> **Task inputs**
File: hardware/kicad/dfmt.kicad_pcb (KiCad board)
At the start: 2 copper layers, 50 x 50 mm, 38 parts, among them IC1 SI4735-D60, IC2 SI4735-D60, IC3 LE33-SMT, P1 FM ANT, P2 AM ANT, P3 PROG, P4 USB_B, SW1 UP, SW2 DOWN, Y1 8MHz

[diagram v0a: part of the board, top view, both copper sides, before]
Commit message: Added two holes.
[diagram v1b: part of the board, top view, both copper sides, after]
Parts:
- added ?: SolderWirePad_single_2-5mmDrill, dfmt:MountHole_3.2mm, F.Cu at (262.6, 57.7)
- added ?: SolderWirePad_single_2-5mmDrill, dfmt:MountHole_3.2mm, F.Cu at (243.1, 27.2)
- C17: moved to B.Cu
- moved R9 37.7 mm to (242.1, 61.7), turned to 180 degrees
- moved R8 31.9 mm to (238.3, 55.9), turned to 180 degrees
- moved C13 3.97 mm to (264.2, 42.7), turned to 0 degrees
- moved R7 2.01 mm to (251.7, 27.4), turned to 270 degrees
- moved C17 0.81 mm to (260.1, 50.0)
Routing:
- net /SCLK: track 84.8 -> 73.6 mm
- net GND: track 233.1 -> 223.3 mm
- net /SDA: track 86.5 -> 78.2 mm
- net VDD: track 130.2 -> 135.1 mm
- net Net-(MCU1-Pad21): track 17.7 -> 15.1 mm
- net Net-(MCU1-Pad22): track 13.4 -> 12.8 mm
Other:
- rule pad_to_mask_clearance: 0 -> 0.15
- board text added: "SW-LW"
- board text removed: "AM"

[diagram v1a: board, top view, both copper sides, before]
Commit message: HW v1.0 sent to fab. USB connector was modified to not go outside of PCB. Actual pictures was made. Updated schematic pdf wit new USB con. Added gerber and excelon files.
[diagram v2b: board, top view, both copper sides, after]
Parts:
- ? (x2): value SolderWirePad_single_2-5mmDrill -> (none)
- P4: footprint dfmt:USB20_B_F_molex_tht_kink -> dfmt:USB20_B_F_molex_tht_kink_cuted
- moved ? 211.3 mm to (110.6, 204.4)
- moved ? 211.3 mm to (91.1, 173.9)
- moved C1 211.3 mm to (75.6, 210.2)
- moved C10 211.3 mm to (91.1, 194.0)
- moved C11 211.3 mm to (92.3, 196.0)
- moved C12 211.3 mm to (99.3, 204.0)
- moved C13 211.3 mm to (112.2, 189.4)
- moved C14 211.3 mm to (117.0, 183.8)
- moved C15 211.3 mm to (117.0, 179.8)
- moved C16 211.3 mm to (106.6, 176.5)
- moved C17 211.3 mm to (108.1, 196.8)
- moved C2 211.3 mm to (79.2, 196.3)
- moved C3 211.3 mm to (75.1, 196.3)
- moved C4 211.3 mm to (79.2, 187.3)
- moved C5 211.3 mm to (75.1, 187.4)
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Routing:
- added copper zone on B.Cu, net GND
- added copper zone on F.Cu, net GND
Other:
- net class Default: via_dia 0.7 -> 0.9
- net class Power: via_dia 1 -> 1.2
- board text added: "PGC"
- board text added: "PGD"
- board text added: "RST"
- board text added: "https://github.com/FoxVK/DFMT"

> **Work required**
Output the data in full, precisely as it appears above.

> **Answer to the problem**
File: hardware/kicad/dfmt.kicad_pcb (KiCad board)
At the start: 2 copper layers, 50 x 50 mm, 38 parts, among them IC1 SI4735-D60, IC2 SI4735-D60, IC3 LE33-SMT, P1 FM ANT, P2 AM ANT, P3 PROG, P4 USB_B, SW1 UP, SW2 DOWN, Y1 8MHz

[diagram v0a: part of the board, top view, both copper sides, before]
Commit message: Added two holes.
[diagram v1b: part of the board, top view, both copper sides, after]
Parts:
- added ?: SolderWirePad_single_2-5mmDrill, dfmt:MountHole_3.2mm, F.Cu at (262.6, 57.7)
- added ?: SolderWirePad_single_2-5mmDrill, dfmt:MountHole_3.2mm, F.Cu at (243.1, 27.2)
- C17: moved to B.Cu
- moved R9 37.7 mm to (242.1, 61.7), turned to 180 degrees
- moved R8 31.9 mm to (238.3, 55.9), turned to 180 degrees
- moved C13 3.97 mm to (264.2, 42.7), turned to 0 degrees
- moved R7 2.01 mm to (251.7, 27.4), turned to 270 degrees
- moved C17 0.81 mm to (260.1, 50.0)
Routing:
- net /SCLK: track 84.8 -> 73.6 mm
- net GND: track 233.1 -> 223.3 mm
- net /SDA: track 86.5 -> 78.2 mm
- net VDD: track 130.2 -> 135.1 mm
- net Net-(MCU1-Pad21): track 17.7 -> 15.1 mm
- net Net-(MCU1-Pad22): track 13.4 -> 12.8 mm
Other:
- rule pad_to_mask_clearance: 0 -> 0.15
- board text added: "SW-LW"
- board text removed: "AM"

[diagram v1a: board, top view, both copper sides, before]
Commit message: HW v1.0 sent to fab. USB connector was modified to not go outside of PCB. Actual pictures was made. Updated schematic pdf wit new USB con. Added gerber and excelon files.
[diagram v2b: board, top view, both copper sides, after]
Parts:
- ? (x2): value SolderWirePad_single_2-5mmDrill -> (none)
- P4: footprint dfmt:USB20_B_F_molex_tht_kink -> dfmt:USB20_B_F_molex_tht_kink_cuted
- moved ? 211.3 mm to (110.6, 204.4)
- moved ? 211.3 mm to (91.1, 173.9)
- moved C1 211.3 mm to (75.6, 210.2)
- moved C10 211.3 mm to (91.1, 194.0)
- moved C11 211.3 mm to (92.3, 196.0)
- moved C12 211.3 mm to (99.3, 204.0)
- moved C13 211.3 mm to (112.2, 189.4)
- moved C14 211.3 mm to (117.0, 183.8)
- moved C15 211.3 mm to (117.0, 179.8)
- moved C16 211.3 mm to (106.6, 176.5)
- moved C17 211.3 mm to (108.1, 196.8)
- moved C2 211.3 mm to (79.2, 196.3)
- moved C3 211.3 mm to (75.1, 196.3)
- moved C4 211.3 mm to (79.2, 187.3)
- moved C5 211.3 mm to (75.1, 187.4)
Routing:
- added copper zone on B.Cu, net GND
- added copper zone on F.Cu, net GND
Other:
- net class Default: via_dia 0.7 -> 0.9
- net class Power: via_dia 1 -> 1.2
- board text added: "PGC"
- board text added: "PGD"
- board text added: "RST"
- board text added: "https://github.com/FoxVK/DFMT"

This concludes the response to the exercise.